Taking into account the 90-day investment horizon Genpact Limited is expected to generate 1.34 times more return on investment than Paychex. However, Genpact is 1.34 times more volatile than Paychex. It trades about 0.17 of its potential returns per unit of risk. Paychex is currently generating about 0.11 per unit of risk. If you would invest  4,264  in Genpact Limited on December 28, 2024 and sell it today you would earn a total of  811.00  from holding Genpact Limited or generate 19.02% return on investment over 90 days.
Time Period3 Months [change]
DirectionMoves Together 
StrengthStrong
Accuracy100.0%
ValuesDaily Returns

Genpact Limited  vs.  Paychex

 Performance 
       Timeline  
Genpact Limited 

Risk-Adjusted Performance

Good

 
Weak
 
Strong
Compared to the overall equity markets, risk-adjusted returns on investments in Genpact Limited are ranked lower than 13 (%) of all global equities and portfolios over the last 90 days. Despite nearly uncertain technical and fundamental indicators, Genpact reported solid returns over the last few months and may actually be approaching a breakup point.
Paychex 

Risk-Adjusted Performance

OK

 
Weak
 
Strong
Compared to the overall equity markets, risk-adjusted returns on investments in Paychex are ranked lower than 8 (%) of all global equities and portfolios over the last 90 days. In spite of fairly inconsistent basic indicators, Paychex may actually be approaching a critical reversion point that can send shares even higher in April 2025.

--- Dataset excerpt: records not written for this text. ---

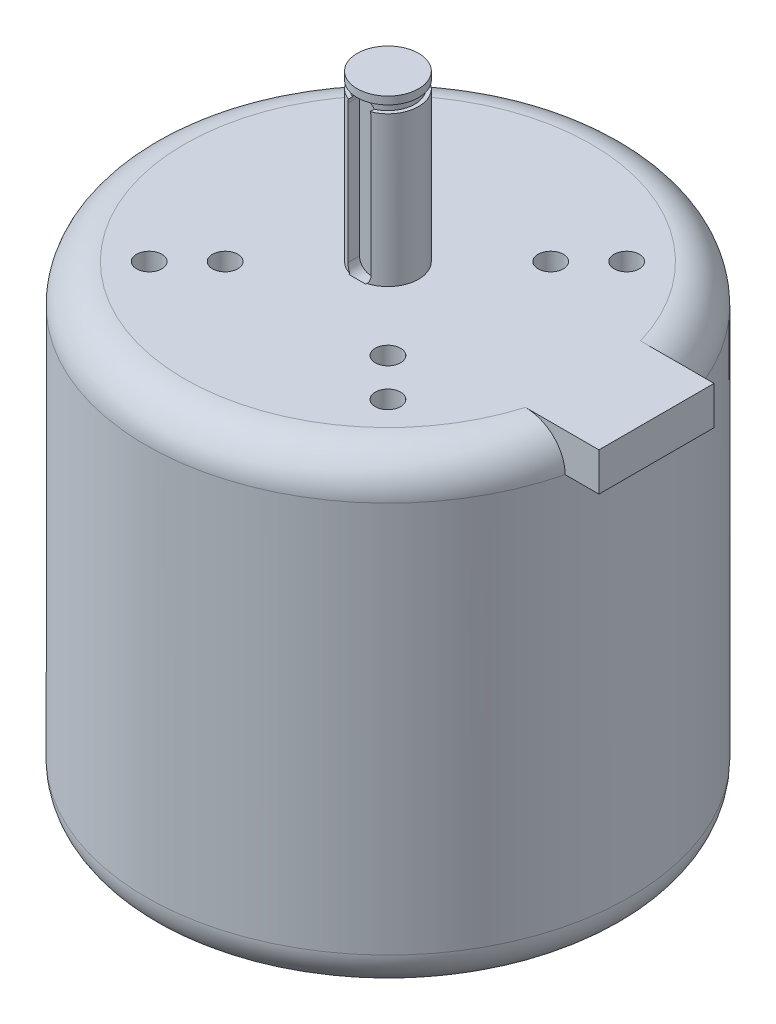
from build123d import *

# Parameters (mm, degrees)
FILLET_1_R         = 5
SKETCH_3_W         = 15
SKETCH_3_H         = 5
EXTRUDE_1_DEPTH    = 35
M4X0_7_1_D         = 3.3
M4X0_7_1_DEPTH     = 11.5
M4X0_7_1_TIP       = 0.991420021
SKETCH_6_W         = 0.5
SKETCH_6_H         = 1
CUT_EXTRUDE1_DEPTH = 1.8


with BuildPart() as part:
    # 스케치1 → 회전1 (revolve)
    with BuildSketch(Plane.XY, mode=Mode.PRIVATE) as revolve_1_sk:
        Polygon((0, 82.5), (4, 82.5), (4, 61), (31.5, 61), (31.5, 0), (0, 0), align=None)
    revolve(revolve_1_sk.sketch.rotate(Axis((0, 0, 0), (0, 1, 0)), 90), axis=Axis((0, 0, 0), (0, 1, 0)))

    # 필렛1
    fillet_1_edges = [part.edges().sort_by_distance(p)[0] for p in [
        (0, 0, 31.5),
        (0, 61, 31.5),
    ]]
    fillet(fillet_1_edges, radius=FILLET_1_R)

    # 스케치3 → 보스-돌출1 (add)
    with BuildSketch(Plane(origin=(0, 0, 0), x_dir=(0, 0, -1), z_dir=(1, 0, 0))):
        with Locations((0, 58.5)):
            Rectangle(SKETCH_3_W, SKETCH_3_H)
    extrude(amount=EXTRUDE_1_DEPTH)

    # M4x0.7 나사 구멍1
    with Locations(Plane(origin=(0, 61, 0), x_dir=(1, 0, 0), z_dir=(0, 1, 0))):
        with Locations((10.606601718, 10.606601718), (15.556349186, 15.556349186), (10.606601718, -10.606601718), (15.556349186, -15.556349186), (-10.606601718, -10.606601718), (-15.556349186, -15.556349186), (-10.606601718, 10.606601718), (-15.556349186, 15.556349186)):
            Hole(M4X0_7_1_D / 2, depth=M4X0_7_1_DEPTH)
            with Locations((0, 0, -(M4X0_7_1_DEPTH + M4X0_7_1_TIP / 2))):  # 118° drill point
                Cone(0, M4X0_7_1_D / 2, M4X0_7_1_TIP, mode=Mode.SUBTRACT)

    # 스케치6 → 컷-회전1 (revolve, cut)
    with BuildSketch(Plane(origin=(0, 0, 0), x_dir=(0, 0, -1), z_dir=(1, 0, 0))):
        with Locations((3.75, 81)):
            Rectangle(SKETCH_6_W, SKETCH_6_H)
    revolve(axis=Axis((0, 82.5, 0), (0, -1, 0)), mode=Mode.SUBTRACT)

    # Sketch3 → Cut-Extrude1 (cut)
    with BuildSketch(Plane(origin=(2.845698698, 82.5, 4), x_dir=(0, 1, 0), z_dir=(0, 0, -1))):
        with BuildLine():
            Line((-2.5, -1.345698698), (-20.5, -1.345698698))
            ThreePointArc((-20.5, -1.345698698), (-22, -2.845698698), (-20.5, -4.345698698))
            Line((-20.5, -4.345698698), (-2.5, -4.345698698))
            ThreePointArc((-2.5, -4.345698698), (-1, -2.845698698), (-2.5, -1.345698698))
        make_face()
    extrude(amount=CUT_EXTRUDE1_DEPTH, mode=Mode.SUBTRACT)


solid = part.part

Genpact and Paychex Volatility Contrast

   Predicted Return Density   
       Returns  

Pair Trading with Genpact and Paychex

The main advantage of trading using opposite Genpact and Paychex positions is that it hedges away some unsystematic risk. Because of two separate transactions, even if Genpact position performs unexpectedly, Paychex can make up some of the losses. Pair trading also minimizes risk from directional movements in the market. For example, if an entire industry or sector drops because of unexpected headlines, the short position in Paychex will offset losses from the drop in Paychex's long position.
The idea behind Genpact Limited and Paychex pairs trading is to make the combined position market-neutral, meaning the overall market's direction will not affect its win or loss (or potential downside or upside). This can be achieved by designing a pairs trade with two highly correlated stocks or equities that operate in a similar space or sector, making it possible to obtain profits through simple and relatively low-risk investment.
Check out your portfolio center.
Note that this page's information should be used as a complementary analysis to find the right mix of equity instruments to add to your existing portfolios or create a brand new portfolio. You can also try the Price Exposure Probability module to analyze equity upside and downside potential for a given time horizon across multiple markets.